■ TRY IT
Every entry must be given again exactly. Include no pictures.

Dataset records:
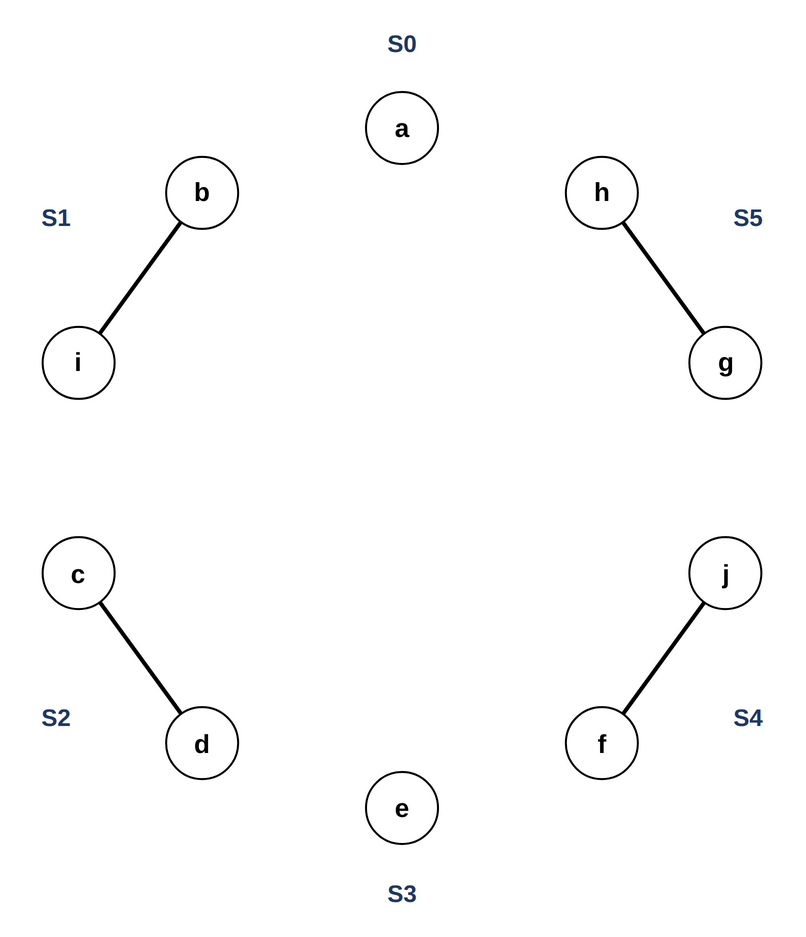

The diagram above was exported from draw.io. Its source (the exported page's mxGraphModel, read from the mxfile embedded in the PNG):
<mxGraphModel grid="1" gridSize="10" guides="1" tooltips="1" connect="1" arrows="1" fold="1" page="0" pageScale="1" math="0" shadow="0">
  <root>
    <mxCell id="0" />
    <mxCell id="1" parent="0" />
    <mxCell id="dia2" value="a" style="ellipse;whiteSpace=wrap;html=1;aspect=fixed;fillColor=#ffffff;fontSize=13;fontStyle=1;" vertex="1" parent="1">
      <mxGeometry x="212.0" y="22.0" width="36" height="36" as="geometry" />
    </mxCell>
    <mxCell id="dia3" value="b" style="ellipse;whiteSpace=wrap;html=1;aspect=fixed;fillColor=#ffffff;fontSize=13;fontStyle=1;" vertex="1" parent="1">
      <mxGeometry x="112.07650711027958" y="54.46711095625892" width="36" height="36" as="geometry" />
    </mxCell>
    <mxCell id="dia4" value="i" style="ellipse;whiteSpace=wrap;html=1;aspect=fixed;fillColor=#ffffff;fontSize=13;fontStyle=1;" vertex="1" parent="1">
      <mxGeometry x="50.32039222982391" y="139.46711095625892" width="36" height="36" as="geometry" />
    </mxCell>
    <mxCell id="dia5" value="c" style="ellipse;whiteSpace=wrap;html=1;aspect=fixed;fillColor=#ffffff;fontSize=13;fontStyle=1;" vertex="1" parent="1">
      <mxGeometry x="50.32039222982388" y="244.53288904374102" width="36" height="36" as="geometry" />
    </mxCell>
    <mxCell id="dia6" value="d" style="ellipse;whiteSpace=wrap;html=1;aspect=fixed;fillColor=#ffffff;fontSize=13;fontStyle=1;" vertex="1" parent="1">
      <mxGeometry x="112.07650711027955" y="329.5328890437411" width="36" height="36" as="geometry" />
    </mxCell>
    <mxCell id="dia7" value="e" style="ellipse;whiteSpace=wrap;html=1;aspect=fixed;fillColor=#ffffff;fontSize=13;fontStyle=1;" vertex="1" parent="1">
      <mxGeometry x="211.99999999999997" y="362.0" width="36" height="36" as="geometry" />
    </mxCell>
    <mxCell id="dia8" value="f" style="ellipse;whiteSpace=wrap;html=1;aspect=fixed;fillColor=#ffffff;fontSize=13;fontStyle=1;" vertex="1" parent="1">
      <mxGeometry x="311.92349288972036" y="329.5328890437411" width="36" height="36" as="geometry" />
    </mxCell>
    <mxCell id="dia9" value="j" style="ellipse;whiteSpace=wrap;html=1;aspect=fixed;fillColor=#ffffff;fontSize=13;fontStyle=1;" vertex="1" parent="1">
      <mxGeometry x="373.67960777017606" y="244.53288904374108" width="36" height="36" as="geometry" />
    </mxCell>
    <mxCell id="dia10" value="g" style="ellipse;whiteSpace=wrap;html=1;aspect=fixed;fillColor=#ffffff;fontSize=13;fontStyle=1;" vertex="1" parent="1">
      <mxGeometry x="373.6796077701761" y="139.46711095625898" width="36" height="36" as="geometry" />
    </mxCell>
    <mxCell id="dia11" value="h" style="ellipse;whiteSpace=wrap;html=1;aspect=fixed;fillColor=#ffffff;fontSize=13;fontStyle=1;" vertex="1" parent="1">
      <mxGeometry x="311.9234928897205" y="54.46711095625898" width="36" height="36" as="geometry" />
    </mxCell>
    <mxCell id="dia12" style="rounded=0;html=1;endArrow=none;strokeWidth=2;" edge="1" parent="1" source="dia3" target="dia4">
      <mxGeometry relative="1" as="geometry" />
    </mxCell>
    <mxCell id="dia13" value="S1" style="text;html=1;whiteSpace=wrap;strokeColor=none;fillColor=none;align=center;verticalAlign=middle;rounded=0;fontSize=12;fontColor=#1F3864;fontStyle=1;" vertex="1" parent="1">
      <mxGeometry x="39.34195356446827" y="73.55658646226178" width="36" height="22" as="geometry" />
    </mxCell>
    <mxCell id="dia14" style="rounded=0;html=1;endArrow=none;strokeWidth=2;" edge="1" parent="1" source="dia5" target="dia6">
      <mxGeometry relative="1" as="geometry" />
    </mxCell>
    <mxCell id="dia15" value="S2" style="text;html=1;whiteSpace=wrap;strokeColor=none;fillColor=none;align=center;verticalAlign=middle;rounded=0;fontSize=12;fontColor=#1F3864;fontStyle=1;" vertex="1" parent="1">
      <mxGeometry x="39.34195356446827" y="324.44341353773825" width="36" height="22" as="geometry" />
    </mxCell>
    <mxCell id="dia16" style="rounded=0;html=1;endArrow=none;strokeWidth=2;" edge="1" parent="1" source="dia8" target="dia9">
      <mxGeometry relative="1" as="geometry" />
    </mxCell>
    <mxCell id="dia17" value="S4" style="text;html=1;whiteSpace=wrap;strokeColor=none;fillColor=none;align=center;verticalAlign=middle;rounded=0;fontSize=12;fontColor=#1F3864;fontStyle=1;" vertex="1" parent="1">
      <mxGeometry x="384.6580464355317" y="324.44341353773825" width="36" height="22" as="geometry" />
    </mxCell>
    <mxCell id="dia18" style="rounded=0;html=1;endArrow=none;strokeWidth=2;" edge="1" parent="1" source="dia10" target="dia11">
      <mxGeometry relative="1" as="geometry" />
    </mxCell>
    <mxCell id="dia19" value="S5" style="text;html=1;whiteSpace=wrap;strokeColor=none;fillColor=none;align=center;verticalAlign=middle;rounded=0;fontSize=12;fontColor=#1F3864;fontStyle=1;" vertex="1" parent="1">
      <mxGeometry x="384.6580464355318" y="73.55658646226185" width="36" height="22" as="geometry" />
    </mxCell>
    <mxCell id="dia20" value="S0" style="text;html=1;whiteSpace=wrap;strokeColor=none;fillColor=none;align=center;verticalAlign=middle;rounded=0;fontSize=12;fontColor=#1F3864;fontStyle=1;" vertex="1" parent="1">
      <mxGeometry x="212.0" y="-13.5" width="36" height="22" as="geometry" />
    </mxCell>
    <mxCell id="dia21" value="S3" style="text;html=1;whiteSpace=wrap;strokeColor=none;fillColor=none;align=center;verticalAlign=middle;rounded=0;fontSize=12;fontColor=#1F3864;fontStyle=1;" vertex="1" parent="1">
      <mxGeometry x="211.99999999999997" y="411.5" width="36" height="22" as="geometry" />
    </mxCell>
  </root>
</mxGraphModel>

■ ANSWER TO THE PROBLEM
The diagram above was exported from draw.io. Its source (the exported page's mxGraphModel, read from the mxfile embedded in the PNG):
<mxGraphModel grid="1" gridSize="10" guides="1" tooltips="1" connect="1" arrows="1" fold="1" page="0" pageScale="1" math="0" shadow="0">
  <root>
    <mxCell id="0" />
    <mxCell id="1" parent="0" />
    <mxCell id="dia2" value="a" style="ellipse;whiteSpace=wrap;html=1;aspect=fixed;fillColor=#ffffff;fontSize=13;fontStyle=1;" vertex="1" parent="1">
      <mxGeometry x="212.0" y="22.0" width="36" height="36" as="geometry" />
    </mxCell>
    <mxCell id="dia3" value="b" style="ellipse;whiteSpace=wrap;html=1;aspect=fixed;fillColor=#ffffff;fontSize=13;fontStyle=1;" vertex="1" parent="1">
      <mxGeometry x="112.07650711027958" y="54.46711095625892" width="36" height="36" as="geometry" />
    </mxCell>
    <mxCell id="dia4" value="i" style="ellipse;whiteSpace=wrap;html=1;aspect=fixed;fillColor=#ffffff;fontSize=13;fontStyle=1;" vertex="1" parent="1">
      <mxGeometry x="50.32039222982391" y="139.46711095625892" width="36" height="36" as="geometry" />
    </mxCell>
    <mxCell id="dia5" value="c" style="ellipse;whiteSpace=wrap;html=1;aspect=fixed;fillColor=#ffffff;fontSize=13;fontStyle=1;" vertex="1" parent="1">
      <mxGeometry x="50.32039222982388" y="244.53288904374102" width="36" height="36" as="geometry" />
    </mxCell>
    <mxCell id="dia6" value="d" style="ellipse;whiteSpace=wrap;html=1;aspect=fixed;fillColor=#ffffff;fontSize=13;fontStyle=1;" vertex="1" parent="1">
      <mxGeometry x="112.07650711027955" y="329.5328890437411" width="36" height="36" as="geometry" />
    </mxCell>
    <mxCell id="dia7" value="e" style="ellipse;whiteSpace=wrap;html=1;aspect=fixed;fillColor=#ffffff;fontSize=13;fontStyle=1;" vertex="1" parent="1">
      <mxGeometry x="211.99999999999997" y="362.0" width="36" height="36" as="geometry" />
    </mxCell>
    <mxCell id="dia8" value="f" style="ellipse;whiteSpace=wrap;html=1;aspect=fixed;fillColor=#ffffff;fontSize=13;fontStyle=1;" vertex="1" parent="1">
      <mxGeometry x="311.92349288972036" y="329.5328890437411" width="36" height="36" as="geometry" />
    </mxCell>
    <mxCell id="dia9" value="j" style="ellipse;whiteSpace=wrap;html=1;aspect=fixed;fillColor=#ffffff;fontSize=13;fontStyle=1;" vertex="1" parent="1">
      <mxGeometry x="373.67960777017606" y="244.53288904374108" width="36" height="36" as="geometry" />
    </mxCell>
    <mxCell id="dia10" value="g" style="ellipse;whiteSpace=wrap;html=1;aspect=fixed;fillColor=#ffffff;fontSize=13;fontStyle=1;" vertex="1" parent="1">
      <mxGeometry x="373.6796077701761" y="139.46711095625898" width="36" height="36" as="geometry" />
    </mxCell>
    <mxCell id="dia11" value="h" style="ellipse;whiteSpace=wrap;html=1;aspect=fixed;fillColor=#ffffff;fontSize=13;fontStyle=1;" vertex="1" parent="1">
      <mxGeometry x="311.9234928897205" y="54.46711095625898" width="36" height="36" as="geometry" />
    </mxCell>
    <mxCell id="dia12" style="rounded=0;html=1;endArrow=none;strokeWidth=2;" edge="1" parent="1" source="dia3" target="dia4">
      <mxGeometry relative="1" as="geometry" />
    </mxCell>
    <mxCell id="dia13" value="S1" style="text;html=1;whiteSpace=wrap;strokeColor=none;fillColor=none;align=center;verticalAlign=middle;rounded=0;fontSize=12;fontColor=#1F3864;fontStyle=1;" vertex="1" parent="1">
      <mxGeometry x="39.34195356446827" y="73.55658646226178" width="36" height="22" as="geometry" />
    </mxCell>
    <mxCell id="dia14" style="rounded=0;html=1;endArrow=none;strokeWidth=2;" edge="1" parent="1" source="dia5" target="dia6">
      <mxGeometry relative="1" as="geometry" />
    </mxCell>
    <mxCell id="dia15" value="S2" style="text;html=1;whiteSpace=wrap;strokeColor=none;fillColor=none;align=center;verticalAlign=middle;rounded=0;fontSize=12;fontColor=#1F3864;fontStyle=1;" vertex="1" parent="1">
      <mxGeometry x="39.34195356446827" y="324.44341353773825" width="36" height="22" as="geometry" />
    </mxCell>
    <mxCell id="dia16" style="rounded=0;html=1;endArrow=none;strokeWidth=2;" edge="1" parent="1" source="dia8" target="dia9">
      <mxGeometry relative="1" as="geometry" />
    </mxCell>
    <mxCell id="dia17" value="S4" style="text;html=1;whiteSpace=wrap;strokeColor=none;fillColor=none;align=center;verticalAlign=middle;rounded=0;fontSize=12;fontColor=#1F3864;fontStyle=1;" vertex="1" parent="1">
      <mxGeometry x="384.6580464355317" y="324.44341353773825" width="36" height="22" as="geometry" />
    </mxCell>
    <mxCell id="dia18" style="rounded=0;html=1;endArrow=none;strokeWidth=2;" edge="1" parent="1" source="dia10" target="dia11">
      <mxGeometry relative="1" as="geometry" />
    </mxCell>
    <mxCell id="dia19" value="S5" style="text;html=1;whiteSpace=wrap;strokeColor=none;fillColor=none;align=center;verticalAlign=middle;rounded=0;fontSize=12;fontColor=#1F3864;fontStyle=1;" vertex="1" parent="1">
      <mxGeometry x="384.6580464355318" y="73.55658646226185" width="36" height="22" as="geometry" />
    </mxCell>
    <mxCell id="dia20" value="S0" style="text;html=1;whiteSpace=wrap;strokeColor=none;fillColor=none;align=center;verticalAlign=middle;rounded=0;fontSize=12;fontColor=#1F3864;fontStyle=1;" vertex="1" parent="1">
      <mxGeometry x="212.0" y="-13.5" width="36" height="22" as="geometry" />
    </mxCell>
    <mxCell id="dia21" value="S3" style="text;html=1;whiteSpace=wrap;strokeColor=none;fillColor=none;align=center;verticalAlign=middle;rounded=0;fontSize=12;fontColor=#1F3864;fontStyle=1;" vertex="1" parent="1">
      <mxGeometry x="211.99999999999997" y="411.5" width="36" height="22" as="geometry" />
    </mxCell>
  </root>
</mxGraphModel>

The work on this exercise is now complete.